Mohn Cancer Research Laboratory is located on floor 1M in the Laboratory building at Haukeland University Hospital. We also dispose a lab on the 6th floor in the same building, located at the Department of Oncology at the University of Bergen. In total, our researchers have 500 square meters dedicated to translational cancer research at their disposition.
Since the opening of the laboratory in 2009, the activity has gradually increased, and we have acquired new instruments and built new infrastructures.
Genetic and epigenetic analyses of patient materials are mainly performed by so-called «next-generation-sequencing», or massive parallel sequencing. For these analyses we have one instrument for large-scale analyses (Illumina NovaSeq) and two smaller, efficient instruments for analyses of patient materials before, during and after treatment, for patients enrolled in clinical studies (Illumina MiSeq).
In addition, we perform a wide range of more conventional methods for molecular analyses; e.g. PCR with subsequent Sanger sequencing, quantitative PCR (real-time PCR), bisulphite-modification of DNA with subsequent methylation-specific analyses, MLPA, Fluorescence in situ hybridization (FISH) and immunohistochemistry on tissue microarray (TMA). All findings are linked to updated databases with clinical information.
In addition to the analyses performed directly on material from patients, cell cultures are widely used as model systems. Cell cultures are mainly used for functional studies (studies of which effect different gene variants, found in patients, have on a cell).
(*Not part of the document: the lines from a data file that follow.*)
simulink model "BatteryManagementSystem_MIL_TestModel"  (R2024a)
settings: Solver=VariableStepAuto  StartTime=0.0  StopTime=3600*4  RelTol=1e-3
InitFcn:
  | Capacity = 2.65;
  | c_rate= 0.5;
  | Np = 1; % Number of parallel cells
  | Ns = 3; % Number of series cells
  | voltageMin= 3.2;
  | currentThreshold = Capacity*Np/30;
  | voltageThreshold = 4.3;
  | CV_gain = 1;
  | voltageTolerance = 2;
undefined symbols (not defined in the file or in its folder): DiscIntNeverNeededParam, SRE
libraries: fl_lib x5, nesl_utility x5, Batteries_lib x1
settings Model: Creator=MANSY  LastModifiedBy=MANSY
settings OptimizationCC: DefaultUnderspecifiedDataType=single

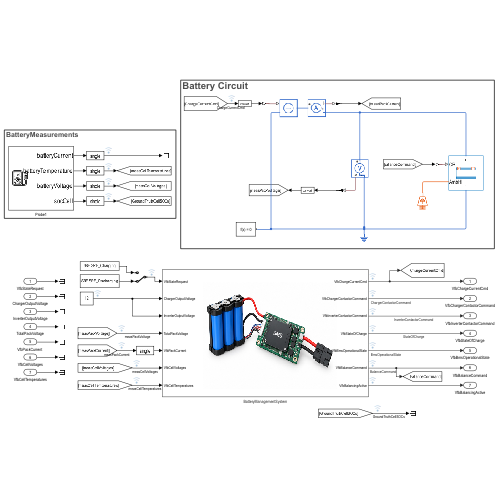
[thumbnail: Simulink's stored preview of the top-level diagram]
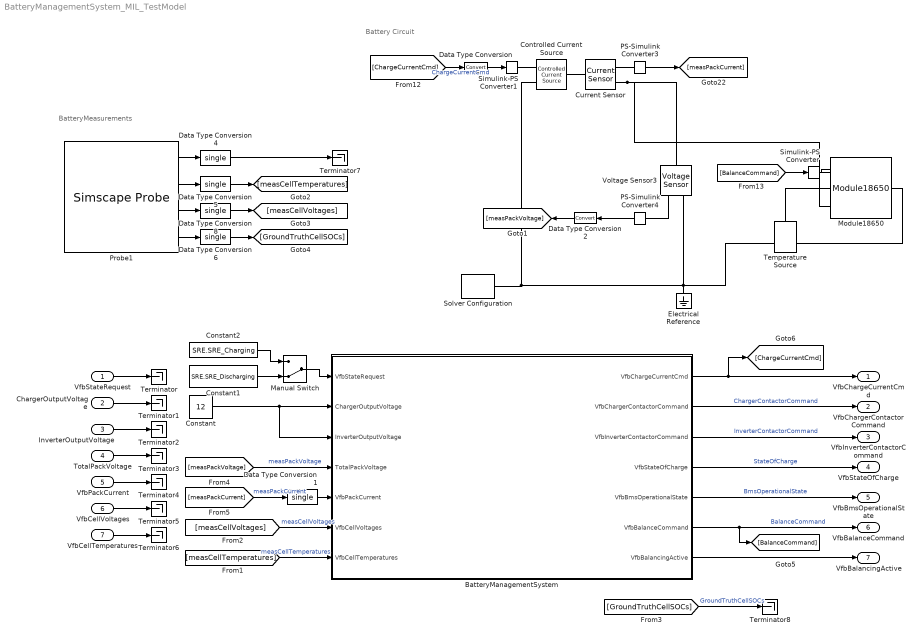
== system BatteryManagementSystem_MIL_TestModel ==
  note: Battery Circuit
  note: BatteryMeasurements
  VfbStateRequest : Inport
  ChargerOutputVoltage : Inport  Port=2
  InverterOutputVoltage : Inport  Port=3
  TotalPackVoltage : Inport  Port=4
  "VfbPackCurrent " : Inport  Port=5
  VfbCellVoltages : Inport  Port=6
  VfbCellTemperatures : Inport  Port=7
  BatteryManagementSystem : Subsystem
      mask Display: image('Lithium-Ion Battery BMS Module.png');
  Constant : Constant  Value=12  OutDataTypeStr=single
  Constant1 : Constant  Value=SRE.SRE_Discharging  OutDataTypeStr=Enum: SRE
  Constant2 : Constant  Value=SRE.SRE_Charging  OutDataTypeStr=Enum: SRE
  Controlled Current Source : fl_lib/Electrical/Electrical Sources/Controlled Current Source
  Current Sensor : fl_lib/Electrical/Electrical Sensors/Current Sensor
  Data Type Conversion : DataTypeConversion  SaturateOnIntegerOverflow=off  RndMeth=Floor
  Data Type Conversion{1,4..6,8} (5 alike) : DataTypeConversion  OutDataTypeStr=single  SaturateOnIntegerOverflow=off  RndMeth=Floor
  Data Type Conversion2 : DataTypeConversion  SaturateOnIntegerOverflow=off  RndMeth=Floor
  Electrical Reference : fl_lib/Electrical/Electrical Elements/Electrical Reference
  Manual Switch : ManualSwitch  CurrentSetting=0
  Module18650 : Batteries_lib/Module18650  BatteryCapacityCell=2.65 A*hr  ExtrapolationMethodCell=simscape.enum.extrapolation.linear  SOCBreakpointsCell=[0, .01, .02, .03, .04, .05, .06, .07, .08, .09, .1, .11, .12, .13, .14, .15, .16, .17, .18, .19, .2, .21, .22, .23, .24, .25, .26, .27, .28, .29, .3, .31, .32, .33, .34, .35, .36, .37, .38, .39, .4, .41, .42, .43, .44, .45, .46, .47, .48, .49, .5, .51, .52, .53, .54, .55, .56, .57, .58, .59, .6, .61, .62, .63, .64, .65, .66, .67, .68, .69, .7, .71, .72, .73, .74, .75, .76, .77, .78, .79, .8, .81, .82, .83, .84, .85, .86, .87, .88, .89, .9, .91, .92, .93, .94, .95, .96, .97, .98, .99, 1]  TemperatureBreakpointsCell=[0, 25, 40, 60] degC  OpenCircuitVoltageThermalCell=[3.04339, 3.04339, 3.04339, 3.04339; 3.19969, 3.19969, 3.19969, 3.19969; 3.32733, 3.32733, 3.32733, 3.32733; 3.41897, 3.41897, 3.41897, 3.41897; 3.47789, 3.47789, 3.47789, 3.47789; 3.5189, 3.5189, 3.5189, 3.5189; 3.54757, 3.54757, 3.54757, 3.54757; 3.56926, 3.56926, 3.56926, 3.56926; 3.58543, 3.58543, 3.58543, 3.58543; 3.59715, 3.59715, 3.59715, 3.59715; 3.60656, 3.60656, 3.60656, 3.60656; 3.61458, 3.61458, 3.61458, 3.61458; 3.62125, 3.62125, 3.62125, 3.62125; 3.62859, 3.62859, 3.62859, 3.62859; 3.63585, 3.63585, 3.63585, 3.63585; 3.64117, 3.64117, 3.64117, 3.64117; 3.64677, 3.64677, 3.64677, 3.64677; 3.65281, 3.65281, 3.65281, 3.65281; 3.65754, 3.65754, 3.65754, 3.65754; 3.6622, 3.6622, 3.6622, 3.6622; 3.66686, 3.66686, 3.66686, 3.66686; 3.67118, 3.67118, 3.67118, 3.67118; 3.67547, 3.67547, 3.67547, 3.67547; 3.67953, 3.67953, 3.67953, 3.67953; 3.68333, 3.68333, 3.68333, 3.68333; 3.68679, 3.68679, 3.68679, 3.68679; 3.68929, 3.68929, 3.68929, 3.68929; 3.69163, 3.69163, 3.69163, 3.69163; 3.69398, 3.69398, 3.69398, 3.69398; 3.69633, 3.69633, 3.69633, 3.69633; 3.69868, 3.69868, 3.69868, 3.69868; 3.70108, 3.70108, 3.70108, 3.70108; 3.7035, 3.7035, 3.7035, 3.7035; 3.70592, 3.70592, 3.70592, 3.70592; 3.70834, 3.70834, 3.70834, 3.70834; 3.71076, 3.71076, 3.71076, 3.71076; 3.71334, 3.71334, 3.71334, 3.71334; 3.71599, 3.71599, 3.71599, 3.71599; 3.71889, 3.71889, 3.71889, 3.71889; 3.72198, 3.72198, 3.72198, 3.72198; 3.72508, 3.72508, 3.72508, 3.72508; 3.72817, 3.72817, 3.72817, 3.72817; 3.73126, 3.73126, 3.73126, 3.73126; 3.73436, 3.73436, 3.73436, 3.73436; 3.73745, 3.73745, 3.73745, 3.73745; 3.74054, 3.74054, 3.74054, 3.74054; 3.74364, 3.74364, 3.74364, 3.74364; 3.74686, 3.74686, 3.74686, 3.74686; 3.75011, 3.75011, 3.75011, 3.75011; 3.75346, 3.75346, 3.75346, 3.75346; 3.75768, 3.75768, 3.75768, 3.75768; 3.7621, 3.7621, 3.7621, 3.7621; 3.76652, 3.76652, 3.76652, 3.76652; 3.77094, 3.77094, 3.77094, 3.77094; 3.77575, 3.77575, 3.77575, 3.77575; 3.78058, 3.78058, 3.78058, 3.78058; 3.78546, 3.78546, 3.78546, 3.78546; 3.79147, 3.79147, 3.79147, 3.79147; 3.79777, 3.79777, 3.79777, 3.79777; 3.80409, 3.80409, 3.80409, 3.80409; 3.8104, 3.8104, 3.8104, 3.8104; 3.81672, 3.81672, 3.81672, 3.81672; 3.82303, 3.82303, 3.82303, 3.82303; 3.82935, 3.82935, 3.82935, 3.82935; 3.83618, 3.83618, 3.83618, 3.83618; 3.84344, 3.84344, 3.84344, 3.84344; 3.8508, 3.8508, 3.8508, 3.8508; 3.85816, 3.85816, 3.85816, 3.85816; 3.86553, 3.86553, 3.86553, 3.86553; 3.87289, 3.87289, 3.87289, 3.87289; 3.88052, 3.88052, 3.88052, 3.88052; 3.88833, 3.88833, 3.88833, 3.88833; 3.89603, 3.89603, 3.89603, 3.89603; 3.90423, 3.90423, 3.90423, 3.90423; 3.91256, 3.91256, 3.91256, 3.91256; 3.92124, 3.92124, 3.92124, 3.92124; 3.93029, 3.93029, 3.93029, 3.93029; 3.93933, 3.93933, 3.93933, 3.93933; 3.94837, 3.94837, 3.94837, 3.94837; 3.95788, 3.95788, 3.95788, 3.95788; 3.96788, 3.96788, 3.96788, 3.96788; 3.97854, 3.97854, 3.97854, 3.97854; 3.98931, 3.98931, 3.98931, 3.98931; 4.00008, 4.00008, 4.00008, 4.00008; 4.01149, 4.01149, 4.01149, 4.01149; 4.02304, 4.02304, 4.02304, 4.02304; 4.03459, 4.03459, 4.03459, 4.03459; 4.04614, 4.04614, 4.04614, 4.04614; 4.05768, 4.05768, 4.05768, 4.05768; 4.06947, 4.06947, 4.06947, 4.06947; 4.08184, 4.08184, 4.08184, 4.08184; 4.09422, 4.09422, 4.09422, 4.09422; 4.1067, 4.1067, 4.1067, 4.1067; 4.11982, 4.11982, 4.11982, 4.11982; 4.1326, 4.1326, 4.1326, 4.1326; 4.14615, 4.14615, 4.14615, 4.14615; 4.15754, 4.15754, 4.15754, 4.15754; 4.16699, 4.16699, 4.16699, 4.16699; 4.17222, 4.17222, 4.17222, 4.17222; 4.18119, 4.18119, 4.18119, 4.18119; 4.30838, 4.30838, 4.30838, 4.30838] V  VoltageRangeCell=[2.7, Inf] V  ResistanceSOCBreakpointsCell=[0, .01, .02, .03, .04, .05, .06, .07, .08, .09, .1, .11, .12, .13, .14, .15, .16, .17, .18, .19, .2, .21, .22, .23, .24, .25, .26, .27, .28, .29, .3, .31, .32, .33, .34, .35, .36, .37, .38, .39, .4, .41, .42, .43, .44, .45, .46, .47, .48, .49, .5, .51, .52, .53, .54, .55, .56, .57, .58, .59, .6, .61, .62, .63, .64, .65, .66, .67, .68, .69, .7, .71, .72, .73, .74, .75, .76, .77, .78, .79, .8, .81, .82, .83, .84, .85, .86, .87, .88, .89, .9, .91, .92, .93, .94, .95, .96, .97, .98, .99, 1]  ResistanceTemperatureBreakpointsCell=[0, 25, 40, 60] degC  R0ThermalCell=[.10009, .04577, .01007, .01632; .14613, .0693, .01231, .013; .1823, .0871, .02576, .02712; .20605, .0981, .03749, .03657; .21852, .10274, .04624, .03593; .22481, .10473, .05239, .04275; .22685, .1047, .05724, .04532; .22648, .10401, .05969, .04893; .22421, .1029, .06023, .05216; .2204, .10084, .06022, .05386; .2158, .09855, .06061, .05477; .21072, .0961, .06053, .05519; .20518, .09374, .05997, .05515; .19986, .0923, .05976, .05534; .19452, .09098, .06051, .05551; .19005, .08942, .06059, .055; .18649, .08829, .06076, .05491; .18308, .08779, .06108, .05531; .17921, .08711, .06095, .05525; .17533, .08642, .06116, .05516; .17188, .08573, .06162, .05537; .16959, .08504, .06197, .05562; .16728, .08435, .0623, .05586; .16489, .08362, .06255, .05603; .16242, .08285, .06272, .0561; .15982, .0821, .06284, .05605; .15726, .08136, .06262, .05568; .15524, .08067, .06235, .05525; .15322, .07998, .06208, .05483; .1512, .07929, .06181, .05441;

Among the technologies used in cell culture assays is CRISPR/Cas9 modification, over-expression of gene variants through transfection of expression plasmids, «knock-down» of gene expression using siRNA and treatment with different types of cytostatic drugs, etc.
For monitoring/measuring the effect of different gene variants/treatments in cell cultures we use «real-time» cell surveillance (ECIS) and/or live-imaging microscopy, apoptosis-, senescence- and cell cycle analyses, protein-interactions studies (co-immunoprecipitation, etc.) and enzyme activity assays, as well as reporter-gene assays.